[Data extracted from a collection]
*-*-*

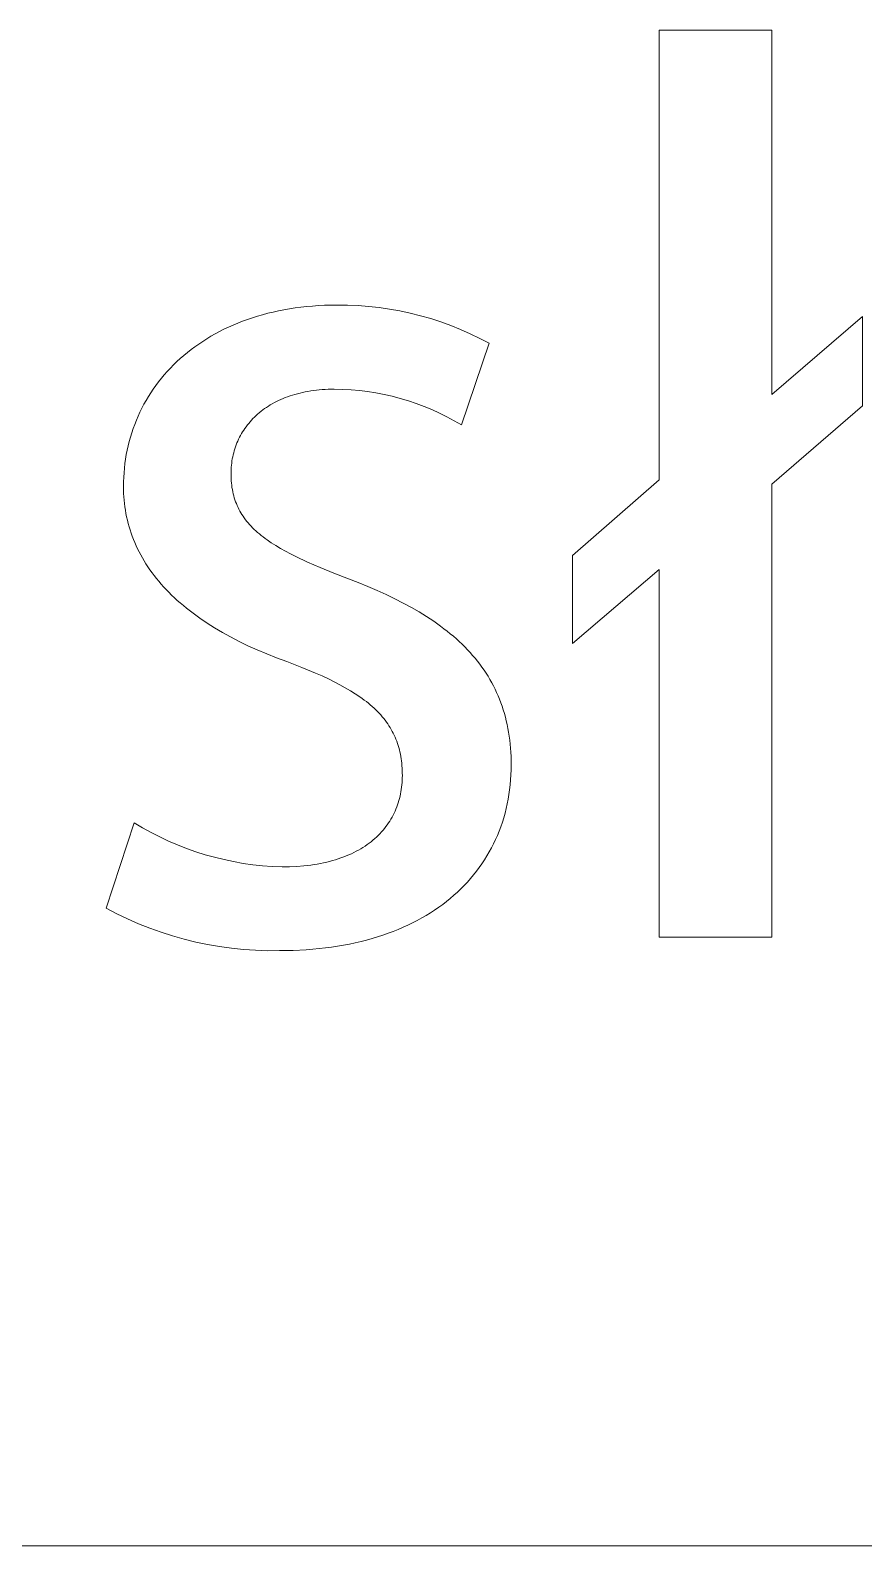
# Model space of a CAD drawing. Header units: millimetres. Extents: x -2163 to 4354, y -841 to 3711.
# Drawn here: x 3119.2 to 3161.8, y -841.3 to -763.9 of the extents above; entities that cross this region are included whole.
import ezdxf

# ---------------------------------------------------------------- set-up
doc = ezdxf.new("R2010")
doc.units = ezdxf.units.MM
doc.header["$MEASUREMENT"] = 0
doc.layers.add('Domyślny', color=7, linetype='Continuous', true_color=0x000000)

msp = doc.modelspace()

# ---------------------------------------------------------------- linework, layer by layer
at = {"layer": 'Domyślny', "color": 18, "lineweight": 15, "true_color": 0x000000}
for p, q in [((3151.352, -786.869), (3151.352, -763.911)), ((3151.352, -763.911), (3157.103, -763.911)), ((3157.103, -763.911), (3157.103, -782.507)), ((3131.103, -778.43), (3131.37, -778.359)), ((3131.37, -778.359), (3131.641, -778.294)), ((3131.641, -778.294), (3131.916, -778.234)), ((3131.916, -778.234), (3132.195, -778.179)), ((3132.195, -778.179), (3132.479, -778.129)), ((3132.479, -778.129), (3132.767, -778.086)), ((3132.767, -778.086), (3133.059, -778.047)), ((3133.059, -778.047), (3133.355, -778.015)), ((3133.355, -778.015), (3133.656, -777.988)), ((3133.656, -777.988), (3133.96, -777.967)), ((3133.96, -777.967), (3134.268, -777.952)), ((3134.268, -777.952), (3134.581, -777.943)), ((3134.581, -777.943), (3134.897, -777.94)), ((3134.897, -777.94), (3135.437, -777.943)), ((3135.437, -777.943), (3135.977, -777.965)), ((3135.977, -777.965), (3136.515, -778.005)), ((3136.515, -778.005), (3137.052, -778.064)), ((3137.052, -778.064), (3137.586, -778.141)), ((3137.586, -778.141), (3138.117, -778.237)), ((3138.117, -778.237), (3138.645, -778.35)), ((3138.645, -778.35), (3139.169, -778.482)), ((3129.13, -779.176), (3129.361, -779.066)), ((3129.361, -779.066), (3129.596, -778.961)), ((3129.596, -778.961), (3129.836, -778.86)), ((3129.836, -778.86), (3130.081, -778.764)), ((3130.081, -778.764), (3130.33, -778.673)), ((3130.33, -778.673), (3130.583, -778.587)), ((3130.583, -778.587), (3130.841, -778.506)), ((3130.841, -778.506), (3131.103, -778.43)), ((3139.169, -778.482), (3139.688, -778.632)), ((3139.688, -778.632), (3140.201, -778.799)), ((3140.201, -778.799), (3140.708, -778.983)), ((3140.708, -778.983), (3141.209, -779.185)), ((3157.103, -782.507), (3161.725, -778.515)), ((3161.725, -778.515), (3161.725, -783.093)), ((3127.646, -780.068), (3127.844, -779.928)), ((3127.844, -779.928), (3128.046, -779.792)), ((3128.046, -779.792), (3128.254, -779.66)), ((3128.254, -779.66), (3128.466, -779.532)), ((3128.466, -779.532), (3128.682, -779.409)), ((3128.682, -779.409), (3128.904, -779.29)), ((3128.904, -779.29), (3129.13, -779.176)), ((3141.209, -779.185), (3141.703, -779.404)), ((3142.666, -779.893), (3141.255, -784.059)), ((3141.703, -779.404), (3142.188, -779.64)), ((3142.188, -779.64), (3142.666, -779.893)), ((3126.73, -780.828), (3126.903, -780.668)), ((3126.903, -780.668), (3127.082, -780.512)), ((3127.082, -780.512), (3127.265, -780.361)), ((3127.265, -780.361), (3127.453, -780.212)), ((3127.453, -780.212), (3127.646, -780.068)), ((3126.088, -781.502), (3126.241, -781.328)), ((3126.241, -781.328), (3126.399, -781.158)), ((3126.399, -781.158), (3126.562, -780.991)), ((3126.562, -780.991), (3126.73, -780.828)), ((3125.4, -782.418), (3125.527, -782.229)), ((3125.527, -782.229), (3125.66, -782.042)), ((3125.66, -782.042), (3125.797, -781.859)), ((3125.797, -781.859), (3125.94, -781.678)), ((3125.94, -781.678), (3126.088, -781.502)), ((3134.146, -782.259), (3133.997, -782.271)), ((3134.298, -782.249), (3134.146, -782.259)), ((3134.452, -782.242), (3134.298, -782.249)), ((3134.608, -782.238), (3134.452, -782.242)), ((3134.767, -782.236), (3134.608, -782.238)), ((3135.193, -782.244), (3134.767, -782.236)), ((3135.619, -782.266), (3135.193, -782.244)), ((3124.946, -783.206), (3125.051, -783.005)), ((3125.051, -783.005), (3125.162, -782.806)), ((3125.162, -782.806), (3125.279, -782.611)), ((3125.279, -782.611), (3125.4, -782.418)), ((3131.499, -783.038), (3131.399, -783.1)), ((3131.601, -782.979), (3131.499, -783.038)), ((3131.706, -782.921), (3131.601, -782.979)), ((3131.813, -782.866), (3131.706, -782.921)), ((3131.922, -782.812), (3131.813, -782.866)), ((3132.034, -782.761), (3131.922, -782.812)), ((3132.149, -782.712), (3132.034, -782.761)), ((3132.265, -782.665), (3132.149, -782.712)), ((3132.384, -782.621), (3132.265, -782.665)), ((3132.506, -782.578), (3132.384, -782.621)), ((3132.63, -782.538), (3132.506, -782.578)), ((3132.756, -782.5), (3132.63, -782.538)), ((3132.884, -782.465), (3132.756, -782.5)), ((3133.015, -782.432), (3132.884, -782.465)), ((3133.148, -782.401), (3133.015, -782.432)), ((3133.284, -782.373), (3133.148, -782.401)), ((3133.422, -782.348), (3133.284, -782.373)), ((3133.562, -782.325), (3133.422, -782.348)), ((3133.705, -782.304), (3133.562, -782.325)), ((3133.85, -782.286), (3133.705, -782.304)), ((3133.997, -782.271), (3133.85, -782.286)), ((3136.044, -782.303), (3135.619, -782.266)), ((3136.467, -782.354), (3136.044, -782.303)), ((3136.889, -782.42), (3136.467, -782.354)), ((3137.308, -782.5), (3136.889, -782.42)), ((3137.724, -782.594), (3137.308, -782.5)), ((3138.136, -782.702), (3137.724, -782.594)), ((3138.545, -782.825), (3138.136, -782.702)), ((3138.949, -782.961), (3138.545, -782.825)), ((3139.348, -783.111), (3138.949, -782.961)), ((3124.662, -783.824), (3124.751, -783.615)), ((3124.751, -783.615), (3124.845, -783.409)), ((3124.845, -783.409), (3124.946, -783.206)), ((3130.613, -783.736), (3130.538, -783.816)), ((3130.691, -783.659), (3130.613, -783.736)), ((3130.77, -783.583), (3130.691, -783.659)), ((3130.853, -783.508), (3130.77, -783.583)), ((3130.938, -783.436), (3130.853, -783.508)), ((3131.025, -783.365), (3130.938, -783.436)), ((3131.115, -783.296), (3131.025, -783.365)), ((3131.207, -783.229), (3131.115, -783.296)), ((3131.302, -783.163), (3131.207, -783.229)), ((3131.399, -783.1), (3131.302, -783.163)), ((3139.742, -783.274), (3139.348, -783.111)), ((3140.13, -783.451), (3139.742, -783.274)), ((3140.512, -783.641), (3140.13, -783.451)), ((3140.887, -783.843), (3140.512, -783.641)), ((3161.725, -783.093), (3157.103, -787.086)), ((3124.36, -784.683), (3124.427, -784.465)), ((3124.427, -784.465), (3124.5, -784.249)), ((3124.5, -784.249), (3124.578, -784.035)), ((3124.578, -784.035), (3124.662, -783.824)), ((3130.031, -784.505), (3129.979, -784.597)), ((3130.085, -784.414), (3130.031, -784.505)), ((3130.142, -784.324), (3130.085, -784.414)), ((3130.202, -784.236), (3130.142, -784.324)), ((3130.264, -784.149), (3130.202, -784.236)), ((3130.329, -784.063), (3130.264, -784.149)), ((3130.396, -783.979), (3130.329, -784.063)), ((3130.466, -783.897), (3130.396, -783.979)), ((3130.538, -783.816), (3130.466, -783.897)), ((3141.255, -784.059), (3140.887, -783.843)), ((3124.149, -785.575), (3124.193, -785.349)), ((3124.193, -785.349), (3124.243, -785.125)), ((3124.243, -785.125), (3124.299, -784.903)), ((3124.299, -784.903), (3124.36, -784.683)), ((3129.689, -785.278), (3129.658, -785.379)), ((3129.722, -785.177), (3129.689, -785.278)), ((3129.758, -785.077), (3129.722, -785.177)), ((3129.797, -784.979), (3129.758, -785.077)), ((3129.839, -784.882), (3129.797, -784.979)), ((3129.883, -784.786), (3129.839, -784.882)), ((3129.929, -784.691), (3129.883, -784.786)), ((3129.979, -784.597), (3129.929, -784.691)), ((3124.052, -786.265), (3124.078, -786.033)), ((3124.078, -786.033), (3124.111, -785.803)), ((3124.111, -785.803), (3124.149, -785.575)), ((3129.516, -786.116), (3129.506, -786.225)), ((3129.528, -786.008), (3129.516, -786.116)), ((3129.543, -785.901), (3129.528, -786.008)), ((3129.56, -785.795), (3129.543, -785.901)), ((3129.581, -785.69), (3129.56, -785.795)), ((3129.604, -785.585), (3129.581, -785.69)), ((3129.629, -785.482), (3129.604, -785.585)), ((3129.658, -785.379), (3129.629, -785.482)), ((3124.007, -786.968), (3124.016, -786.732)), ((3124.016, -786.732), (3124.031, -786.498)), ((3124.031, -786.498), (3124.052, -786.265)), ((3129.495, -786.444), (3129.494, -786.554)), ((3129.494, -786.554), (3129.495, -786.675)), ((3129.499, -786.334), (3129.495, -786.444)), ((3129.495, -786.675), (3129.499, -786.794)), ((3129.506, -786.225), (3129.499, -786.334)), ((3129.499, -786.794), (3129.506, -786.911)), ((3146.925, -790.732), (3151.352, -786.869)), ((3124.004, -787.205), (3124.007, -786.968)), ((3124.006, -787.382), (3124.004, -787.205)), ((3124.012, -787.557), (3124.006, -787.382)), ((3124.022, -787.732), (3124.012, -787.557)), ((3129.506, -786.911), (3129.516, -787.027)), ((3129.516, -787.027), (3129.528, -787.14)), ((3129.528, -787.14), (3129.543, -787.251)), ((3129.543, -787.251), (3129.561, -787.361)), ((3129.561, -787.361), (3129.582, -787.468)), ((3129.582, -787.468), (3129.606, -787.574)), ((3129.606, -787.574), (3129.632, -787.678)), ((3129.632, -787.678), (3129.661, -787.781)), ((3157.103, -787.086), (3157.103, -810.218)), ((3124.035, -787.906), (3124.022, -787.732)), ((3124.053, -788.078), (3124.035, -787.906)), ((3124.075, -788.25), (3124.053, -788.078)), ((3124.101, -788.42), (3124.075, -788.25)), ((3124.13, -788.59), (3124.101, -788.42)), ((3129.661, -787.781), (3129.693, -787.882)), ((3129.693, -787.882), (3129.728, -787.982)), ((3129.728, -787.982), (3129.766, -788.079)), ((3129.766, -788.079), (3129.806, -788.176)), ((3129.806, -788.176), (3129.85, -788.271)), ((3129.85, -788.271), (3129.896, -788.364)), ((3129.896, -788.364), (3129.945, -788.456)), ((3124.164, -788.758), (3124.13, -788.59)), ((3124.202, -788.926), (3124.164, -788.758)), ((3124.244, -789.092), (3124.202, -788.926)), ((3124.289, -789.258), (3124.244, -789.092)), ((3129.945, -788.456), (3129.998, -788.547)), ((3129.998, -788.547), (3130.053, -788.637)), ((3130.053, -788.637), (3130.11, -788.725)), ((3130.11, -788.725), (3130.171, -788.812)), ((3130.171, -788.812), (3130.235, -788.898)), ((3130.235, -788.898), (3130.302, -788.983)), ((3130.302, -788.983), (3130.371, -789.066)), ((3130.371, -789.066), (3130.444, -789.149)), ((3130.444, -789.149), (3130.52, -789.231)), ((3124.339, -789.422), (3124.289, -789.258)), ((3124.393, -789.585), (3124.339, -789.422)), ((3124.451, -789.747), (3124.393, -789.585)), ((3124.512, -789.908), (3124.451, -789.747)), ((3124.578, -790.068), (3124.512, -789.908)), ((3130.52, -789.231), (3130.598, -789.311)), ((3130.598, -789.311), (3130.68, -789.391)), ((3130.68, -789.391), (3130.764, -789.47)), ((3130.764, -789.47), (3130.852, -789.548)), ((3130.852, -789.548), (3130.942, -789.625)), ((3130.942, -789.625), (3131.036, -789.701)), ((3131.036, -789.701), (3131.133, -789.777)), ((3131.133, -789.777), (3131.232, -789.852)), ((3131.232, -789.852), (3131.335, -789.926)), ((3131.335, -789.926), (3131.549, -790.073)), ((3124.648, -790.227), (3124.578, -790.068)), ((3124.722, -790.385), (3124.648, -790.227)), ((3124.8, -790.541), (3124.722, -790.385)), ((3124.882, -790.697), (3124.8, -790.541)), ((3124.968, -790.851), (3124.882, -790.697)), ((3131.549, -790.073), (3131.776, -790.218)), ((3131.776, -790.218), (3132.015, -790.362)), ((3132.015, -790.362), (3132.267, -790.503)), ((3132.267, -790.503), (3132.531, -790.644)), ((3132.531, -790.644), (3132.808, -790.784)), ((3146.925, -795.224), (3146.925, -790.732)), ((3125.058, -791.004), (3124.968, -790.851)), ((3125.153, -791.156), (3125.058, -791.004)), ((3125.251, -791.306), (3125.153, -791.156)), ((3125.354, -791.456), (3125.251, -791.306)), ((3125.46, -791.604), (3125.354, -791.456)), ((3132.808, -790.784), (3133.399, -791.063)), ((3133.399, -791.063), (3134.042, -791.342)), ((3134.042, -791.342), (3134.736, -791.625)), ((3151.352, -791.448), (3146.925, -795.224)), ((3151.352, -810.218), (3151.352, -791.448)), ((3125.571, -791.751), (3125.46, -791.604)), ((3125.685, -791.897), (3125.571, -791.751)), ((3125.804, -792.041), (3125.685, -791.897)), ((3125.927, -792.185), (3125.804, -792.041)), ((3126.054, -792.327), (3125.927, -792.185)), ((3134.736, -791.625), (3135.483, -791.914)), ((3135.483, -791.914), (3135.99, -792.11)), ((3135.99, -792.11), (3136.481, -792.309)), ((3136.481, -792.309), (3136.957, -792.513)), ((3126.186, -792.467), (3126.054, -792.327)), ((3126.321, -792.607), (3126.186, -792.467)), ((3126.461, -792.745), (3126.321, -792.607)), ((3126.604, -792.882), (3126.461, -792.745)), ((3126.752, -793.017), (3126.604, -792.882)), ((3126.904, -793.152), (3126.752, -793.017)), ((3136.957, -792.513), (3137.416, -792.722)), ((3137.416, -792.722), (3137.86, -792.936)), ((3137.86, -792.936), (3138.289, -793.155)), ((3127.06, -793.285), (3126.904, -793.152)), ((3127.221, -793.416), (3127.06, -793.285)), ((3127.554, -793.675), (3127.221, -793.416)), ((3127.904, -793.929), (3127.554, -793.675)), ((3138.289, -793.155), (3138.701, -793.38)), ((3138.701, -793.38), (3139.098, -793.61)), ((3139.098, -793.61), (3139.479, -793.846)), ((3139.479, -793.846), (3139.843, -794.088)), ((3128.271, -794.177), (3127.904, -793.929)), ((3128.654, -794.419), (3128.271, -794.177)), ((3129.055, -794.656), (3128.654, -794.419)), ((3139.843, -794.088), (3140.192, -794.337)), ((3140.192, -794.337), (3140.361, -794.463)), ((3140.361, -794.463), (3140.525, -794.592)), ((3140.525, -794.592), (3140.686, -794.722)), ((3129.472, -794.887), (3129.055, -794.656)), ((3129.907, -795.112), (3129.472, -794.887)), ((3130.359, -795.331), (3129.907, -795.112)), ((3130.827, -795.544), (3130.359, -795.331)), ((3140.686, -794.722), (3140.842, -794.853)), ((3140.842, -794.853), (3140.995, -794.987)), ((3140.995, -794.987), (3141.143, -795.122)), ((3141.143, -795.122), (3141.288, -795.259)), ((3141.288, -795.259), (3141.428, -795.398)), ((3141.428, -795.398), (3141.565, -795.539)), ((3131.313, -795.751), (3130.827, -795.544)), ((3131.816, -795.951), (3131.313, -795.751)), ((3132.337, -796.146), (3131.816, -795.951)), ((3133.104, -796.438), (3132.337, -796.146)), ((3141.565, -795.539), (3141.697, -795.682)), ((3141.697, -795.682), (3141.826, -795.827)), ((3141.826, -795.827), (3141.95, -795.973)), ((3141.95, -795.973), (3142.071, -796.122)), ((3142.071, -796.122), (3142.187, -796.272)), ((3133.811, -796.731), (3133.104, -796.438)), ((3134.143, -796.878), (3133.811, -796.731)), ((3134.461, -797.026), (3134.143, -796.878)), ((3142.187, -796.272), (3142.299, -796.425)), ((3142.299, -796.425), (3142.408, -796.58)), ((3142.408, -796.58), (3142.512, -796.736)), ((3142.512, -796.736), (3142.612, -796.895)), ((3142.612, -796.895), (3142.708, -797.056)), ((3134.764, -797.176), (3134.461, -797.026)), ((3135.053, -797.326), (3134.764, -797.176)), ((3135.328, -797.478), (3135.053, -797.326)), ((3135.59, -797.632), (3135.328, -797.478)), ((3135.838, -797.788), (3135.59, -797.632)), ((3142.708, -797.056), (3142.8, -797.22)), ((3142.8, -797.22), (3142.888, -797.385)), ((3142.888, -797.385), (3142.972, -797.553)), ((3142.972, -797.553), (3143.052, -797.723)), ((3143.052, -797.723), (3143.128, -797.895)), ((3136.073, -797.946), (3135.838, -797.788)), ((3136.186, -798.026), (3136.073, -797.946)), ((3136.295, -798.106), (3136.186, -798.026)), ((3136.401, -798.188), (3136.295, -798.106)), ((3136.504, -798.27), (3136.401, -798.188)), ((3136.603, -798.353), (3136.504, -798.27)), ((3136.699, -798.436), (3136.603, -798.353)), ((3136.793, -798.521), (3136.699, -798.436)), ((3143.128, -797.895), (3143.2, -798.069)), ((3143.2, -798.069), (3143.268, -798.246)), ((3143.268, -798.246), (3143.331, -798.426)), ((3143.331, -798.426), (3143.391, -798.607)), ((3136.883, -798.606), (3136.793, -798.521)), ((3136.97, -798.692), (3136.883, -798.606)), ((3137.053, -798.779), (3136.97, -798.692)), ((3137.134, -798.867), (3137.053, -798.779)), ((3137.212, -798.956), (3137.134, -798.867)), ((3137.287, -799.046), (3137.212, -798.956)), ((3137.358, -799.137), (3137.287, -799.046)), ((3137.427, -799.229), (3137.358, -799.137)), ((3137.493, -799.322), (3137.427, -799.229)), ((3143.391, -798.607), (3143.446, -798.791)), ((3143.446, -798.791), (3143.498, -798.978)), ((3143.498, -798.978), (3143.545, -799.167)), ((3143.545, -799.167), (3143.588, -799.358)), ((3137.556, -799.416), (3137.493, -799.322)), ((3137.616, -799.512), (3137.556, -799.416)), ((3137.673, -799.608), (3137.616, -799.512)), ((3137.727, -799.706), (3137.673, -799.608)), ((3137.778, -799.805), (3137.727, -799.706)), ((3137.826, -799.905), (3137.778, -799.805)), ((3137.872, -800.007), (3137.826, -799.905)), ((3137.915, -800.11), (3137.872, -800.007)), ((3143.588, -799.358), (3143.627, -799.553)), ((3143.627, -799.553), (3143.662, -799.749)), ((3143.662, -799.749), (3143.693, -799.949)), ((3143.693, -799.949), (3143.72, -800.15)), ((3137.955, -800.214), (3137.915, -800.11)), ((3137.992, -800.32), (3137.955, -800.214)), ((3138.027, -800.427), (3137.992, -800.32)), ((3138.059, -800.535), (3138.027, -800.427)), ((3138.088, -800.645), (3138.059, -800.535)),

*-*-*

__PROBLEM TO WORK ON__: Tally the lines in the data that contain the string "color". Report only the total.

__WRITTEN RESPONSE__: 2